From here, it’s basically following your nose. Suppose we have a principal connection in the form of a direct sum decomposition $TX=VX\oplus HX$. Let $P_V:TX\to VX$ be the induced projection (warning: even though the notation may indicate otherwise, the definition of $P_V$ depends on $HX$!). Now, we can consider the map $\omega$ defined as the following triple composition: $\require{AMScd}$ \begin{CD} TX @>{P_V} >> VX @>{\Phi^{-1}} >> X\times\mathfrak{g} @>{\text{pr}_2}>> \mathfrak{g}. \end{CD} This is nothing but a Lie-algebra-valued $1$-form on $X$ (why? because for each $\xi\in X$, $\omega$ restricts to a linear map $T_{\xi}X\to \mathfrak{g}$). You can check this has all the properties of the connection 1-form. To recover the subspaces, you simply take the kernel of $\omega$. This completes the link between the two ideas.

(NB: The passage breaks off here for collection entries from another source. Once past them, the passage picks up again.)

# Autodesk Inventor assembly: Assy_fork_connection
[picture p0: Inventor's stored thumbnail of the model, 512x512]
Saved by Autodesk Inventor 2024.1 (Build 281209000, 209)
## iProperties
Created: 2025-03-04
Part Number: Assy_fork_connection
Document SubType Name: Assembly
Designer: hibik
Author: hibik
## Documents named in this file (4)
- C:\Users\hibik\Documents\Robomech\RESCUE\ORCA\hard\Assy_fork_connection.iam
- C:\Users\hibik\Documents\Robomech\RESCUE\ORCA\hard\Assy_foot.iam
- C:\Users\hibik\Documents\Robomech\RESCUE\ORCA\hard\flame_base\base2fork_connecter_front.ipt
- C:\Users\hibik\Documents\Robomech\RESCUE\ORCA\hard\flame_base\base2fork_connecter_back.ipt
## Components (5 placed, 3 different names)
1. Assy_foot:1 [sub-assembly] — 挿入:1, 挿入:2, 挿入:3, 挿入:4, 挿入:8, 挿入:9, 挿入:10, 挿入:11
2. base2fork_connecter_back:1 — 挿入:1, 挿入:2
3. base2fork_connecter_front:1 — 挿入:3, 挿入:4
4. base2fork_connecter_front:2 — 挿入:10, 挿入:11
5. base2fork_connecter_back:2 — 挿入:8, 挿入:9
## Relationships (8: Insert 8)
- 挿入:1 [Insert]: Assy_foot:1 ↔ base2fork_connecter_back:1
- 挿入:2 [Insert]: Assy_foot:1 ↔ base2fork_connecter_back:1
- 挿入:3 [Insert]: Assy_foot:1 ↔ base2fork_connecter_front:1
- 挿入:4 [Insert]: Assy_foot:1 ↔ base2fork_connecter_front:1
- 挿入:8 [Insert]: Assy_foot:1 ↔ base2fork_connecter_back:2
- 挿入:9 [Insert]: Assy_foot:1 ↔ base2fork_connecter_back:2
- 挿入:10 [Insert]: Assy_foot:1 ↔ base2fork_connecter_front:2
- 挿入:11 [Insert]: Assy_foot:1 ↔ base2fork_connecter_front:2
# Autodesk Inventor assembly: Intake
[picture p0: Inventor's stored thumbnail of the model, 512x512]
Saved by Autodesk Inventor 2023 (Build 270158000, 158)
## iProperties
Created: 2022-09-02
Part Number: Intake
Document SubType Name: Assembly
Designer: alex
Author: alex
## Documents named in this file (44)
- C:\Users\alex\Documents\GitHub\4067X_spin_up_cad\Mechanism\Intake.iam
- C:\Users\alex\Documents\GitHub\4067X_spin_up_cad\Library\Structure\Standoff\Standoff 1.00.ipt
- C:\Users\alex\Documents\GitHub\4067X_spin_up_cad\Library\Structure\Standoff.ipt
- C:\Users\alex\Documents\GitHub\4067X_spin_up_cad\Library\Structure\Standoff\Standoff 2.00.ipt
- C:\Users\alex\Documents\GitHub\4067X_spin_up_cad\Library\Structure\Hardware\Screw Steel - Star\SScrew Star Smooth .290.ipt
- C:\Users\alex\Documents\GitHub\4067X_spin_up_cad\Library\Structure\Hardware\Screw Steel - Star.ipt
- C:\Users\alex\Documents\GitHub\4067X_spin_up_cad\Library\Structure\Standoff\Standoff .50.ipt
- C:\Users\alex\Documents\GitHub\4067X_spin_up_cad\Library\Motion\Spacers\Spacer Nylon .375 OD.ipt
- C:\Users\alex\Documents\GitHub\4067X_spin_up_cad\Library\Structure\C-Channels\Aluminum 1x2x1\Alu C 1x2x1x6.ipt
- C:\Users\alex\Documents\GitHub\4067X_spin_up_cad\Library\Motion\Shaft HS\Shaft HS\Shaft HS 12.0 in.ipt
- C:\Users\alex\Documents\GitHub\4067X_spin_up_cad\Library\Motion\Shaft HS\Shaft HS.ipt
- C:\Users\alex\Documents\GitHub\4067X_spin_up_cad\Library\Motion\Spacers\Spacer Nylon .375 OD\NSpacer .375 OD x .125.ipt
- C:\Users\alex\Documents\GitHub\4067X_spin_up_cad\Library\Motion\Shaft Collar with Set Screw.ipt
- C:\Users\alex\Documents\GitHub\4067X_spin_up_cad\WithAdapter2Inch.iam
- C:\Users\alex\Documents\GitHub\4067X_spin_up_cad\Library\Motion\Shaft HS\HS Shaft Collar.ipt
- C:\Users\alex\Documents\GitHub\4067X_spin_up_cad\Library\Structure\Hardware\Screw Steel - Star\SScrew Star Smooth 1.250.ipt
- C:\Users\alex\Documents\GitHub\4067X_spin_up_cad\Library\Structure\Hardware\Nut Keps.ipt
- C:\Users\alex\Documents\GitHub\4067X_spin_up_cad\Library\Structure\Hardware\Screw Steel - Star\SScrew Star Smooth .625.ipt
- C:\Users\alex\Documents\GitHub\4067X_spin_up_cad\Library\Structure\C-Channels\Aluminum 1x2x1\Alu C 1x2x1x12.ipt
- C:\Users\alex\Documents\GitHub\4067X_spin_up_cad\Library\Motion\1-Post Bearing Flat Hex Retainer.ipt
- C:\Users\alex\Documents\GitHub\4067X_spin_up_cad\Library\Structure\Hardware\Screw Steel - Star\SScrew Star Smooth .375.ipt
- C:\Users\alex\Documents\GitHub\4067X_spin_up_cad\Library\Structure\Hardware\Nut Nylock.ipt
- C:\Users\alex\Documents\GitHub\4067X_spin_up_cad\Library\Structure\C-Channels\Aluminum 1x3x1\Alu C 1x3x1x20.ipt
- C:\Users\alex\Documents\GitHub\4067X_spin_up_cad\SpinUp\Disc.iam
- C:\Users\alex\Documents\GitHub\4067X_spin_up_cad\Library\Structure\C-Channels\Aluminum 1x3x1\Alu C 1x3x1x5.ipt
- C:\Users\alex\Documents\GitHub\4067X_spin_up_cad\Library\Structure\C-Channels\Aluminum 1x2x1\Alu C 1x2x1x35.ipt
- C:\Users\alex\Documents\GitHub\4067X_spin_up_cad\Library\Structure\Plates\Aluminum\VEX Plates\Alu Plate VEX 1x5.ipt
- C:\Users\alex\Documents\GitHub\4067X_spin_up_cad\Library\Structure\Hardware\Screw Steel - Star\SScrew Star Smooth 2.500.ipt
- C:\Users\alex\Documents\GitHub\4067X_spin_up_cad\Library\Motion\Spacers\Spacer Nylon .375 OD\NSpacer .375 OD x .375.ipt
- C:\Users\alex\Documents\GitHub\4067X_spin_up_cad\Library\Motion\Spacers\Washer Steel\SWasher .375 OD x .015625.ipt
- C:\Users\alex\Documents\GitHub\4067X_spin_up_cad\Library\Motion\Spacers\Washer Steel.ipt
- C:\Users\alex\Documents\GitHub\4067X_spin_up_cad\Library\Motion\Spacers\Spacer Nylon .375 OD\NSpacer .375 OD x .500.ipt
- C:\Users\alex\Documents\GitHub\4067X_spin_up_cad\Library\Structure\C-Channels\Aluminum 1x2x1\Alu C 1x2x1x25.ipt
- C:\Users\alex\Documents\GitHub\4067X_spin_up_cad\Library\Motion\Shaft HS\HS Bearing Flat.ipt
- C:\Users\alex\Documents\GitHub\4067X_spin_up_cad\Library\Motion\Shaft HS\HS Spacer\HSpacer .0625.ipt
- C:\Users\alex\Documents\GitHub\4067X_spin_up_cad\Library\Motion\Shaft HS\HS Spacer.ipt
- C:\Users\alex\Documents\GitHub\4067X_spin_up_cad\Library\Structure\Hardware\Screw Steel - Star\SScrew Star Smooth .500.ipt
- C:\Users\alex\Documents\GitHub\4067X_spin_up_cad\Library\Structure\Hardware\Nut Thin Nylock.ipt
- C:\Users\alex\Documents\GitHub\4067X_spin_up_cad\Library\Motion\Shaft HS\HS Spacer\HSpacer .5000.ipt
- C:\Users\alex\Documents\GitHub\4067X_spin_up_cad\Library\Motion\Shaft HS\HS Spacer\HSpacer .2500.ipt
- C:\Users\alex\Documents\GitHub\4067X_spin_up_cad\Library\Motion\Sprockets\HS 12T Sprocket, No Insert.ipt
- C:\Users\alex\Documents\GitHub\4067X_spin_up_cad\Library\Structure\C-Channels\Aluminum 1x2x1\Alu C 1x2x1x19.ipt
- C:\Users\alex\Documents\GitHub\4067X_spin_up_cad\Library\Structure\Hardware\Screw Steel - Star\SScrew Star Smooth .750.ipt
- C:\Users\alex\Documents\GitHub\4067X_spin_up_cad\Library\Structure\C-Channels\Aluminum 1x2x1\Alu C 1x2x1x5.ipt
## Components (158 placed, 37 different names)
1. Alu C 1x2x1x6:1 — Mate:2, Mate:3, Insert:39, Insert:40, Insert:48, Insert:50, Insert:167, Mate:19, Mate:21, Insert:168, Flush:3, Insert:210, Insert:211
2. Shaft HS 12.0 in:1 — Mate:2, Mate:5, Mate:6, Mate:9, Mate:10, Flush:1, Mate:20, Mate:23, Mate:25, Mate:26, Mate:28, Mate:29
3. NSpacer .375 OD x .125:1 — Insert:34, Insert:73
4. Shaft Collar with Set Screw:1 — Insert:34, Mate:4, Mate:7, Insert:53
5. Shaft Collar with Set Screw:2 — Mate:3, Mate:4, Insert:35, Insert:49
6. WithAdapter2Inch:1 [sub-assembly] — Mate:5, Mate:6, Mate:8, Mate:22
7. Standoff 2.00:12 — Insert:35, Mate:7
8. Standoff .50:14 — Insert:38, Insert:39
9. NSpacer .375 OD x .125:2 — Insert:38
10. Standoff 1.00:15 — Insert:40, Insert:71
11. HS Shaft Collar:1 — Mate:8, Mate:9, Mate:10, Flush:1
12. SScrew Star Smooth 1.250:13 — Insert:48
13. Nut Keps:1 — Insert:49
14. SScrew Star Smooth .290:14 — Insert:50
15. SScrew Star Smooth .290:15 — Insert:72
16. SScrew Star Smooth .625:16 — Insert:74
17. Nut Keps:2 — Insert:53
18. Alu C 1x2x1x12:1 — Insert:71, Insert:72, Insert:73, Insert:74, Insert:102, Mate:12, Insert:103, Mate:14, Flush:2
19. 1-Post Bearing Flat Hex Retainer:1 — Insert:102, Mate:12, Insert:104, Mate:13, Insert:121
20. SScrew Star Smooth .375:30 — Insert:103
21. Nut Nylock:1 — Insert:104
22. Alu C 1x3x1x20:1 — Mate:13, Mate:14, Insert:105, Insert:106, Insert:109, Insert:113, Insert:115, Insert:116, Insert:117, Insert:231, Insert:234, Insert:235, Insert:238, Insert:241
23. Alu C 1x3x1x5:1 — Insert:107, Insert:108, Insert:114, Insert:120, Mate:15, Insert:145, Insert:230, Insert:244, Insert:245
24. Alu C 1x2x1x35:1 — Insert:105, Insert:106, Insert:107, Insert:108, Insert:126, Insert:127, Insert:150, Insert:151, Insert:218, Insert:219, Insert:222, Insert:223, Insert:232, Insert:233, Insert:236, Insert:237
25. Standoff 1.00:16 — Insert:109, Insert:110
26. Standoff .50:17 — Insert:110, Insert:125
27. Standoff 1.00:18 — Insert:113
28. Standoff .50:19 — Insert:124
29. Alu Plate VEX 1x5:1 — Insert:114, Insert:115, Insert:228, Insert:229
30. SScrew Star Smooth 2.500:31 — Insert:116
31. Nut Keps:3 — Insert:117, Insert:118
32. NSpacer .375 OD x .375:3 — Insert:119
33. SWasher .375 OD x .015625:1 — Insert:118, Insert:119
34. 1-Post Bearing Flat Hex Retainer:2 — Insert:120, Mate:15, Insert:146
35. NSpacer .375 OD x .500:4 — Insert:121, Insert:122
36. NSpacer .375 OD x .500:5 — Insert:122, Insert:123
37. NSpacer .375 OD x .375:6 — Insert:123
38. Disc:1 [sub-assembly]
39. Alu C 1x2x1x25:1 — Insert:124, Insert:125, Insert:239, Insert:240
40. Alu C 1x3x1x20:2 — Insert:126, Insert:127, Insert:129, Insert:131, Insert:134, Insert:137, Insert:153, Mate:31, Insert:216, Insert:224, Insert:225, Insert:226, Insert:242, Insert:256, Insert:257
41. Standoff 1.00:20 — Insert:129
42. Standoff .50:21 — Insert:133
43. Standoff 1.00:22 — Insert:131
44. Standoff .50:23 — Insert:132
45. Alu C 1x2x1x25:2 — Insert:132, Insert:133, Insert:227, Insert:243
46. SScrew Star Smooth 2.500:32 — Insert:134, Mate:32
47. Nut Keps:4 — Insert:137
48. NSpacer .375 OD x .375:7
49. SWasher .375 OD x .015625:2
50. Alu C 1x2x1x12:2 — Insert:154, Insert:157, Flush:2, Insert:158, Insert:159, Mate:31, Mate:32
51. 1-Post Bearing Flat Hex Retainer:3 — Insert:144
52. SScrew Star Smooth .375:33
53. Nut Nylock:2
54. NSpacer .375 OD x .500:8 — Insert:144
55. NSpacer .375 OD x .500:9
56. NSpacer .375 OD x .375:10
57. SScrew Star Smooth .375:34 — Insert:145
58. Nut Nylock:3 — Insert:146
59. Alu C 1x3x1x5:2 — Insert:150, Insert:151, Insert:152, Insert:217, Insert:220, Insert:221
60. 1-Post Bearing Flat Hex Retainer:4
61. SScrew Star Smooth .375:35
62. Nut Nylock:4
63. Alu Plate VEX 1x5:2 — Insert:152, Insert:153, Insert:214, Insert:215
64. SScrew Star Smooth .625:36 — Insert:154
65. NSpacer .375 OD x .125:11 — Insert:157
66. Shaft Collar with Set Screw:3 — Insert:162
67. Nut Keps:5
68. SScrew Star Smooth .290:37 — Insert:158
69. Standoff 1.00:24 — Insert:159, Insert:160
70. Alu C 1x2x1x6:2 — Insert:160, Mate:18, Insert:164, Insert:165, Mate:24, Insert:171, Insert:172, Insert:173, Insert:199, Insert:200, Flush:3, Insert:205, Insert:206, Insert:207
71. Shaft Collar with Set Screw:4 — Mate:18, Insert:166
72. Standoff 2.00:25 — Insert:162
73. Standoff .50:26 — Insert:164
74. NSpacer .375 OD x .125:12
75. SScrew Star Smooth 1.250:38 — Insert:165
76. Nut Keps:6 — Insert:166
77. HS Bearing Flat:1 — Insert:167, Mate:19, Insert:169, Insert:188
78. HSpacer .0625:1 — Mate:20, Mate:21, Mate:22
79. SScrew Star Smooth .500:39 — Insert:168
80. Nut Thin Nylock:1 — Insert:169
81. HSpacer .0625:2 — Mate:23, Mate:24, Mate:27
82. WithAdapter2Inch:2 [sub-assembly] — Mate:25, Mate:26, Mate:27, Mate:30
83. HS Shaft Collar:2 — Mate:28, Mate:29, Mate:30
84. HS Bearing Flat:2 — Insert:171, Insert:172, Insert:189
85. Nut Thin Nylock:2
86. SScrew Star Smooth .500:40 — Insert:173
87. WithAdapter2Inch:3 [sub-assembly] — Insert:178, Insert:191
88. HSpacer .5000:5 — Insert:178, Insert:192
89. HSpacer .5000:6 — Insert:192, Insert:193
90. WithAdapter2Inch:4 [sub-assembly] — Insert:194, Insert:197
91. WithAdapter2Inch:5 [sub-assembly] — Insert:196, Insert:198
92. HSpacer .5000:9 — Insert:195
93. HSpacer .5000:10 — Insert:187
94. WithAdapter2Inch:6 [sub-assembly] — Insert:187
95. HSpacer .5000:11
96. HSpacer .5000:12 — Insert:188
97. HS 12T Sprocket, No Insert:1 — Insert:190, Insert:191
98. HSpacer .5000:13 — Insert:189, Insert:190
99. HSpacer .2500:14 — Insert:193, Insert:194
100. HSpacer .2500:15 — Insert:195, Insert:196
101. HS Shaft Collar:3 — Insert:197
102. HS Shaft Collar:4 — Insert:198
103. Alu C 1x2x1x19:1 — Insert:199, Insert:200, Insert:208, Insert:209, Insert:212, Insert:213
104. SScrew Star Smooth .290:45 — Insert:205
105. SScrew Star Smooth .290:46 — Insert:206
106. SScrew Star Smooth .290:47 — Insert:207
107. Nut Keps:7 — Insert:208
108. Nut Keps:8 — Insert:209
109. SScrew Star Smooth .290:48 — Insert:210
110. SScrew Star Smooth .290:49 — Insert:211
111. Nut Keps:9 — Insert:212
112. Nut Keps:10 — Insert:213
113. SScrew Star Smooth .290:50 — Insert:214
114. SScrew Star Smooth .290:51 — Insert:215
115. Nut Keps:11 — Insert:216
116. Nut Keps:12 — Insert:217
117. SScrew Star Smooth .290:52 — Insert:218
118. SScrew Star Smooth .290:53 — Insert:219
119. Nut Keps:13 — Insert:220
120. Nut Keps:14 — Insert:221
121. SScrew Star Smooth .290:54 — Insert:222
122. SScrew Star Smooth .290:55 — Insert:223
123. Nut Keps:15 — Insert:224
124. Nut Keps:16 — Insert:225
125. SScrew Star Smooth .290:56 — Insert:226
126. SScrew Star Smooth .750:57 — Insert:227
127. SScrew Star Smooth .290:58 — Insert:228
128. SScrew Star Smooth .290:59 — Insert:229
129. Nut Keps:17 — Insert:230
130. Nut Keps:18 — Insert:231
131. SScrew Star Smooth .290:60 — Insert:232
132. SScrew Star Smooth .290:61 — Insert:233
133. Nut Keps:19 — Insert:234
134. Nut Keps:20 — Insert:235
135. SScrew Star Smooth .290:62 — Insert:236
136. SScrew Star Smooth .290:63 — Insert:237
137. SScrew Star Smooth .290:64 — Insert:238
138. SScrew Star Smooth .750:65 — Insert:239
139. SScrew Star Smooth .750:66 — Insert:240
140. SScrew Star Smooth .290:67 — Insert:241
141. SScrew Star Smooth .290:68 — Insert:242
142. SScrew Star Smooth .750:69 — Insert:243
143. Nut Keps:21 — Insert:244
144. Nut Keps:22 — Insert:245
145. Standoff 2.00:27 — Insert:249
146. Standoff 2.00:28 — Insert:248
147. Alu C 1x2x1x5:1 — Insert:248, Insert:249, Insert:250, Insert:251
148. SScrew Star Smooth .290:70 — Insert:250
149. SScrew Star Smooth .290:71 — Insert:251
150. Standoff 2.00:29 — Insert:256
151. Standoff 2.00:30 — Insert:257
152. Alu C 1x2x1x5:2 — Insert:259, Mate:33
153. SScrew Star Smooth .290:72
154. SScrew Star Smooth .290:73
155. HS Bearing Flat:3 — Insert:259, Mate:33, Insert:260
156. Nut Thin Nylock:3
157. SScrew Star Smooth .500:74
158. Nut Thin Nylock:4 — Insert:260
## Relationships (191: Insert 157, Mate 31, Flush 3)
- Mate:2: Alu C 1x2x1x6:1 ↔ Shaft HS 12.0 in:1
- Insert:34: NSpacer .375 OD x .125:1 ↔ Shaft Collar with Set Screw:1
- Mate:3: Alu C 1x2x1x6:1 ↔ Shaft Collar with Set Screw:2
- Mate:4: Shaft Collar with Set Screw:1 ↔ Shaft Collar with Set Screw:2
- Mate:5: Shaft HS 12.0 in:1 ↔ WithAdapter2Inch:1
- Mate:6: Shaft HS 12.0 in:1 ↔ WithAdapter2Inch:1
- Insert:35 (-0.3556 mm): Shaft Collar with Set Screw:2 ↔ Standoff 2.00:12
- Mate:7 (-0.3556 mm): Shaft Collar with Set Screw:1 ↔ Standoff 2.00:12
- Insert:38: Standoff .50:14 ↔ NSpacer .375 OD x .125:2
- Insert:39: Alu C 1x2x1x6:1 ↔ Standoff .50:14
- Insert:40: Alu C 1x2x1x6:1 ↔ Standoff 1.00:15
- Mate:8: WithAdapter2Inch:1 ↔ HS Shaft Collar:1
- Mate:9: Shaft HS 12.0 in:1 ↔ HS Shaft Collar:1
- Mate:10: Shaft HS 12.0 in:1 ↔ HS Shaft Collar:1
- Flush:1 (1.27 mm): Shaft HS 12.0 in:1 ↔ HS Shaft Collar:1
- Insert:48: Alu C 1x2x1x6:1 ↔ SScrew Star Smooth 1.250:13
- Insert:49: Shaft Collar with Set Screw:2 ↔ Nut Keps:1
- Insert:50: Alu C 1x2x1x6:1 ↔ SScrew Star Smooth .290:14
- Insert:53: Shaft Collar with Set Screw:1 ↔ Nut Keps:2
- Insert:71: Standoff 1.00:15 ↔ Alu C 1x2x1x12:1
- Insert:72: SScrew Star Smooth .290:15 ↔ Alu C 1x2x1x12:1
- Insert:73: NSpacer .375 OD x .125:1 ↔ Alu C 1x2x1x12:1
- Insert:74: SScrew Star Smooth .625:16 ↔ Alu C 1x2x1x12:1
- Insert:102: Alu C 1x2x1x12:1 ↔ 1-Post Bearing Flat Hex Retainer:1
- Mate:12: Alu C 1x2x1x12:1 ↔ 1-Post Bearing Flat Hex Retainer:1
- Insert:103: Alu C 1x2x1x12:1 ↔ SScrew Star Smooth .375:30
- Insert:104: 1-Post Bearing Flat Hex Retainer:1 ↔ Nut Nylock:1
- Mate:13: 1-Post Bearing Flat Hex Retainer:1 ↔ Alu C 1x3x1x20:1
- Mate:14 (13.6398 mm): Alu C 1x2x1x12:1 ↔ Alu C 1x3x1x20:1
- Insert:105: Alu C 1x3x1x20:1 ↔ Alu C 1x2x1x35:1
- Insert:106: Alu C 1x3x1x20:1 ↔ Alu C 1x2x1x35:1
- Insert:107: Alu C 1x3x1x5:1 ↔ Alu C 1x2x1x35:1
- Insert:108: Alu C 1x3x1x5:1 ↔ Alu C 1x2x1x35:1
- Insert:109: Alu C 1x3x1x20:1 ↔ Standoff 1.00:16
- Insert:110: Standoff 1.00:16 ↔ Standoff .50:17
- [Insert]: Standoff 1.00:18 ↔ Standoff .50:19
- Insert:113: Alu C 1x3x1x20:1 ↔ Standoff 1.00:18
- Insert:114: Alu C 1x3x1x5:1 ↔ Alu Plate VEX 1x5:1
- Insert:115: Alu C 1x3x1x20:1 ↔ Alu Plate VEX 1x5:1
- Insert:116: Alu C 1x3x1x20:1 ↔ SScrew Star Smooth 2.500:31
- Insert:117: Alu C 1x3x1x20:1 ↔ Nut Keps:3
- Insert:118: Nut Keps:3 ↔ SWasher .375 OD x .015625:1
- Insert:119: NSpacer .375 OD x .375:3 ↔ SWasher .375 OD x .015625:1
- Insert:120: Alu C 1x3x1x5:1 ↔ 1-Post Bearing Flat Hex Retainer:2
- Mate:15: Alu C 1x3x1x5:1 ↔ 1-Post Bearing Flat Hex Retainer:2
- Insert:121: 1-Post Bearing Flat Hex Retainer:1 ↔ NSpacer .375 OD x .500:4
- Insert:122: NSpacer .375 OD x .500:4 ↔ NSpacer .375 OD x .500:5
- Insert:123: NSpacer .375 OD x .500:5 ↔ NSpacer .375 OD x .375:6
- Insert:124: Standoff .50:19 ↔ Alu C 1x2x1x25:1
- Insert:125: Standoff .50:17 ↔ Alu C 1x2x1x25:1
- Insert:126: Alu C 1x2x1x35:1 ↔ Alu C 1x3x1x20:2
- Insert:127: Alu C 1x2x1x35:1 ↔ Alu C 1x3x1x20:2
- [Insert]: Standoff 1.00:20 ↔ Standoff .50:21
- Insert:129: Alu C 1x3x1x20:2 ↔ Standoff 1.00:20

Of course I’ve glossed over several details, but that’s what textbooks are for. The only way to appreciate these concepts is to draw your own pictures and make sense of what it is you’re drawing (I personally don’t understand something unless I’ve drawn it myself… even if in hindsight I end up drawing what someone else has already drawn).


Edit: A Summary.

So far we have seen three different ways of describing the same thing. This comes down to the ‘trichotomy’ of descriptions (I’m omitting some details regarding how the group compatibility comes into play):

  • directly: This is the Ehresmann definition of just telling you outright which complementary subbundle $HX$ to choose.
  • ‘parametrically’: this means you look at the image of some other map. In my answer, I described this using the lifting map $L$; its image is what we define $HX$ to be.
  • ‘implicitly’: you take a level set of some map. The connection 1-form approach falls under this category because we define $HX$ to be the kernel of $\omega$. Note that another way of doing things is that we could specify a map $P:TX\to TX$ such that $P\circ P=P$ and its image equals $VX$. Then we can define $HX$ to be the kernel $P$ (with this approach this $P$ will equal what I called $P_V$ above. Then, $I-P$ will be the projection onto $HX$; review in the linear algebraic case if necessary).

So, there are many different ways one can formally describe something, but if you think for a moment, they’re all saying the same thing, just in a different guise. The motivation for all this comes, as always, from the really basic linear algebra case, so if in doubt, one should review the various descriptions there.